The likes of Hold On with its two chaptered proposal, the first as respectful and catchy as the other is invasive and confrontational, and the resourcefully animated True Self Reckoning ensure the album’s grip remained tight, their successor, Love, with Pepe Poliquin of BornBroken guesting matching their strengths with its own contemptuous strike, one which at times is melodically seductive and progressively illuminated.

Of Strength And Sorrow concludes with firstly Get The Fuck Out Of My Head which as keys haunt from its first sigh while rhythms simply enticed, both continuing to enthral as emerging drama and dark deeds rise, emerged another excellent track within the album.
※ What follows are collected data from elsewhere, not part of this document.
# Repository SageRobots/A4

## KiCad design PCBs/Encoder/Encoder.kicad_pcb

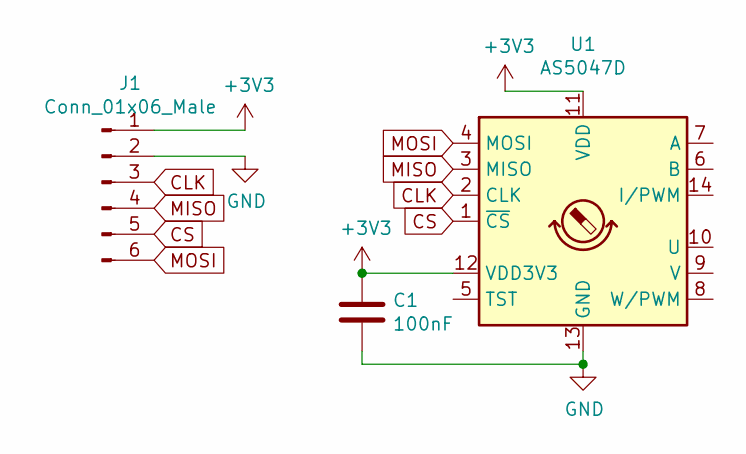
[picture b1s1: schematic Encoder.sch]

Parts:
C1: 100nF; C_0805_2012Metric_Pad1.18x1.45mm_HandSolder
J1: Conn_01x06_Male; PinHeader_2x03_P2.00mm_Vertical
U1: AS5047D; TSSOP-14_4.4x5mm_P0.65mm

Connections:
+3V3: C1.1, J1.1, U1.11 (VDD), U1.12 (VDD3V3)
CLK: J1.3, U1.2 (CLK)
CS: J1.5, U1.1 (~CS)
GND: C1.2, J1.2, U1.13 (GND)
MISO: J1.4, U1.3 (MISO)
MOSI: J1.6, U1.4 (MOSI)

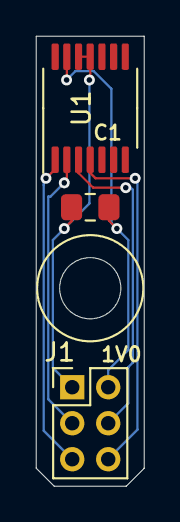
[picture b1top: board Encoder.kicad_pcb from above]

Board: 2 copper layers, 6.0 x 25.0 mm, 3 parts (0 on the bottom side), 6 nets.

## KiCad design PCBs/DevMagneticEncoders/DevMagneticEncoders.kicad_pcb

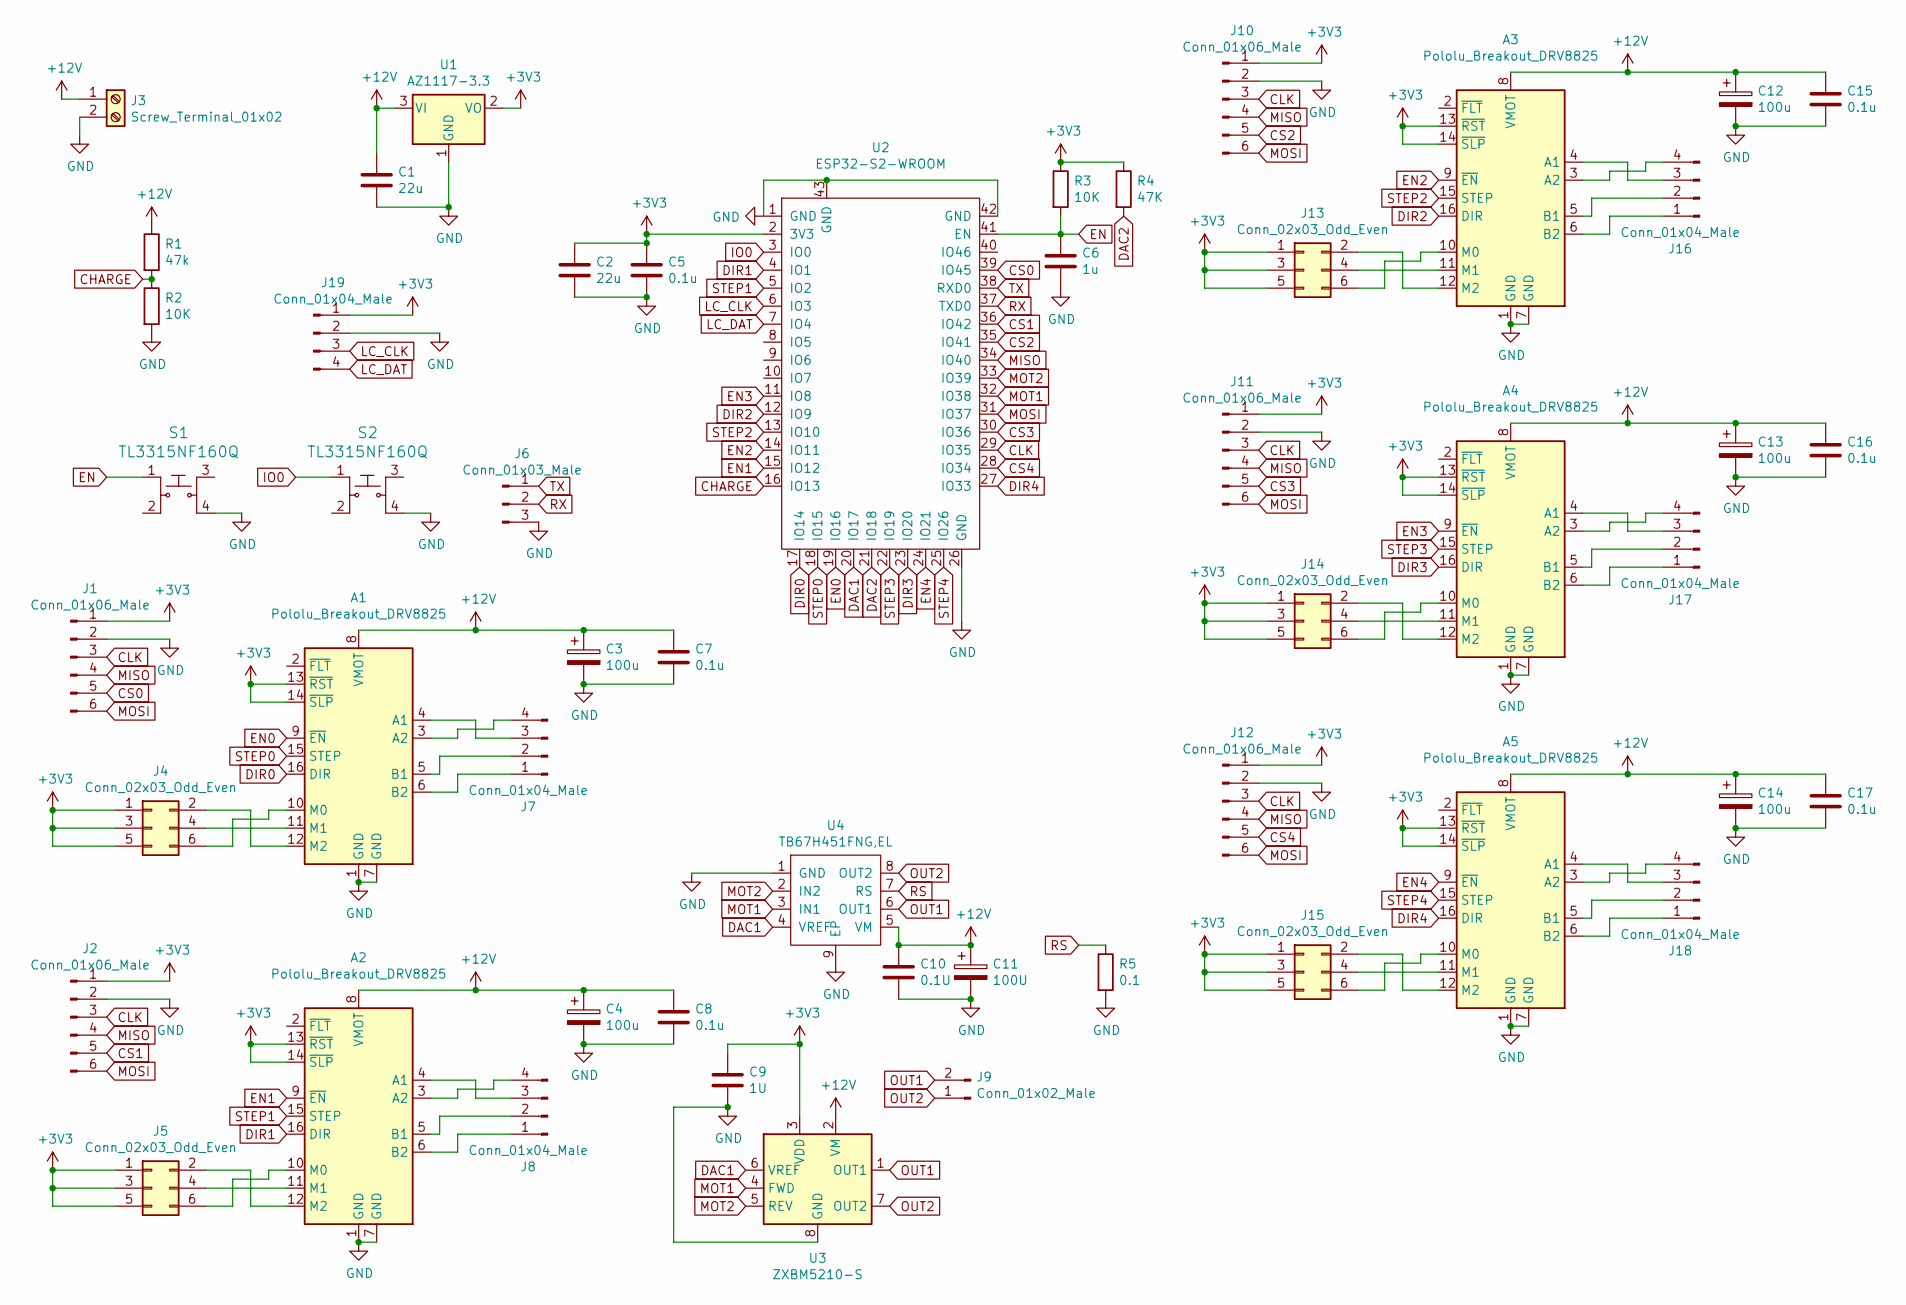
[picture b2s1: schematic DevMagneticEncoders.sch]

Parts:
A1, A2, A3, A4, A5: Pololu_Breakout_DRV8825; Pololu_Breakout-16_15.2x20.3mm
C1, C2: 22u; C_0805_2012Metric_Pad1.18x1.45mm_HandSolder
C3, C4, C12, C13, C14: 100u; CP_Elec_6.3x7.7
C5, C7, C8, C15, C16, C17: 0.1u; C_0805_2012Metric_Pad1.18x1.45mm_HandSolder
C6: 1u; C_0805_2012Metric_Pad1.18x1.45mm_HandSolder
C9: 1U; C_0805_2012Metric_Pad1.18x1.45mm_HandSolder
C10: 0.1U; C_0805_2012Metric_Pad1.18x1.45mm_HandSolder
C11: 100U; CP_Elec_6.3x7.7
J1, J2, J10, J11, J12: Conn_01x06_Male; JST_XH_B6B-XH-A_1x06_P2.50mm_Vertical
J3: Screw_Terminal_01x02; TerminalBlock_Phoenix_MKDS-1,5-2_1x02_P5.00mm_Horizontal
J4, J5, J13, J14, J15: Conn_02x03_Odd_Even; PinHeader_2x03_P2.54mm_Vertical
J6: Conn_01x03_Male; PinHeader_1x03_P2.54mm_Vertical
J7, J8, J16, J17, J18, J19: Conn_01x04_Male; JST_XH_B4B-XH-A_1x04_P2.50mm_Vertical
J9: Conn_01x02_Male; JST_XH_B2B-XH-A_1x02_P2.50mm_Vertical
R1: 47k; R_0805_2012Metric_Pad1.20x1.40mm_HandSolder
R2, R3: 10K; R_0805_2012Metric_Pad1.20x1.40mm_HandSolder
R4: 47K; R_0805_2012Metric_Pad1.20x1.40mm_HandSolder
R5: 0.1; R_0805_2012Metric_Pad1.20x1.40mm_HandSolder
S1, S2: TL3315NF160Q; TL3305AF160QG; MPN TL3315NF160Q; Digi-Key_PN EG4621CT-ND
U1: AZ1117-3.3; SOT-223-3_TabPin2
U2: ESP32-S2-WROOM
U3: ZXBM5210-S; SOIC-8_3.9x4.9mm_P1.27mm
U4: TB67H451FNG,EL; SOIC-8-1EP_3.9x4.9mm_P1.27mm_EP2.29x3mm_ThermalVias

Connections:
+3V3: A1.13 (~RST), A1.14 (~SLP), A2.13 (~RST), A2.14 (~SLP), A3.13 (~RST), A3.14 (~SLP), A4.13 (~RST), A4.14 (~SLP), A5.13 (~RST), A5.14 (~SLP), C2.1, C5.1, C9.1, J1.1, J2.1, J4.1, J4.3, J4.5, J5.1, J5.3, J5.5, J10.1, J11.1, J12.1, J13.1, J13.3, J13.5, J14.1, J14.3, J14.5, J15.1, J15.3, J15.5, J19.1, R3.1, R4.1, U1.2 (VO), U2.2 (3V3), U3.3 (VDD)
+12V: A1.8 (VMOT), A2.8 (VMOT), A3.8 (VMOT), A4.8 (VMOT), A5.8 (VMOT), C1.1, C3.1, C4.1, C7.1, C8.1, C10.1, C11.1, C12.1, C13.1, C14.1, C15.1, C16.1, C17.1, J3.1, R1.1, U1.3 (VI), U3.2 (VM), U4.5 (VM)
CHARGE: R1.2, R2.1, U2.16 (IO13)
CLK: J1.3, J2.3, J10.3, J11.3, J12.3, U2.29 (IO35)
CS0: J1.5, U2.39 (IO45)
CS1: J2.5, U2.36 (IO42)
CS2: J10.5, U2.35 (IO41)
CS3: J11.5, U2.30 (IO36)
CS4: J12.5, U2.28 (IO34)
DAC1: U2.20 (IO17), U3.6 (VREF), U4.4 (VREF)
DAC2: R4.2, U2.21 (IO18)
DIR0: A1.16 (DIR), U2.17 (IO14)
DIR1: A2.16 (DIR), U2.4 (IO1)
DIR2: A3.16 (DIR), U2.12 (IO9)
DIR3: A4.16 (DIR), U2.23 (IO20)
DIR4: A5.16 (DIR), U2.27 (IO33)
EN: C6.1, R3.2, S1.1, U2.41 (EN)
EN0: A1.9 (~EN), U2.19 (IO16)
EN1: A2.9 (~EN), U2.15 (IO12)
EN2: A3.9 (~EN), U2.14 (IO11)
EN3: A4.9 (~EN), U2.11 (IO8)
EN4: A5.9 (~EN), U2.24 (IO21)
GND: A1.1 (GND), A1.7 (GND), A2.1 (GND), A2.7 (GND), A3.1 (GND), A3.7 (GND), A4.1 (GND), A4.7 (GND), A5.1 (GND), A5.7 (GND), C1.2, C2.2, C3.2, C4.2, C5.2, C6.2, C7.2, C8.2, C9.2, C10.2, C11.2, C12.2, C13.2, C14.2, C15.2, C16.2, C17.2, J1.2, J2.2, J3.2, J6.3, J10.2, J11.2, J12.2, J19.2, R2.2, R5.2, S1.4, S2.4, U1.1 (GND), U2.1 (GND), U2.26 (GND), U2.42 (GND), U2.43 (GND), U3.8 (GND), U4.1 (GND), U4.9 (EP)
IO0: S2.1, U2.3 (IO0)
LC_CLK: J19.3, U2.6 (IO3)
LC_DAT: J19.4, U2.7 (IO4)
MISO: J1.4, J2.4, J10.4, J11.4, J12.4, U2.34 (IO40)
MOSI: J1.6, J2.6, J10.6, J11.6, J12.6, U2.31 (IO37)
MOT1: U2.32 (IO38), U3.4 (FWD), U4.3 (IN1)
MOT2: U2.33 (IO39), U3.5 (REV), U4.2 (IN2)
unnamed: A1.3 (A2), J7.4
unnamed: A1.4 (A1), J7.3
unnamed: A1.5 (B1), J7.2
unnamed: A1.6 (B2), J7.1
unnamed: A1.10 (M0), J4.6
unnamed: A1.11 (M1), J4.4
unnamed: A1.12 (M2), J4.2
unnamed: A2.3 (A2), J8.4
unnamed: A2.4 (A1), J8.3
unnamed: A2.5 (B1), J8.2
unnamed: A2.6 (B2), J8.1
unnamed: A2.10 (M0), J5.6
unnamed: A2.11 (M1), J5.4
unnamed: A2.12 (M2), J5.2
unnamed: A3.3 (A2), J16.4
unnamed: A3.4 (A1), J16.3
unnamed: A3.5 (B1), J16.2
unnamed: A3.6 (B2), J16.1
unnamed: A3.10 (M0), J13.6
unnamed: A3.11 (M1), J13.4
unnamed: A3.12 (M2), J13.2
unnamed: A4.3 (A2), J17.4
unnamed: A4.4 (A1), J17.3
unnamed: A4.5 (B1), J17.2
unnamed: A4.6 (B2), J17.1
unnamed: A4.10 (M0), J14.6
unnamed: A4.11 (M1), J14.4
unnamed: A4.12 (M2), J14.2
unnamed: A5.3 (A2), J18.4
unnamed: A5.4 (A1), J18.3
unnamed: A5.5 (B1), J18.2
unnamed: A5.6 (B2), J18.1
unnamed: A5.10 (M0), J15.6
unnamed: A5.11 (M1), J15.4
unnamed: A5.12 (M2), J15.2
OUT1: J9.2, U3.1 (OUT1), U4.6 (OUT1)
OUT2: J9.1, U3.7 (OUT2), U4.8 (OUT2)
RS: R5.1, U4.7 (RS)
RX: J6.2, U2.37 (TXD0)
STEP0: A1.15 (STEP), U2.18 (IO15)
STEP1: A2.15 (STEP), U2.5 (IO2)
STEP2: A3.15 (STEP), U2.13 (IO10)
STEP3: A4.15 (STEP), U2.22 (IO19)
STEP4: A5.15 (STEP), U2.25 (IO26)
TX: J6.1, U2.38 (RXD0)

Methuselah follows one stirring moment with its own rousing presentation of invention and imagination, in many ways summing up the variety and adventure of the band’s sound in its own capricious multi-flavoured and dramatic body.

Though Of Strength and Sorrow had us hooked from the start it is right to say that the depth, layers, and expanse of its qualities and persuasion was only greater tapped with subsequent ventures into its increasingly and imposingly impressive body. Quite simply, Exes For Eyes are back and creatively deadlier than ever.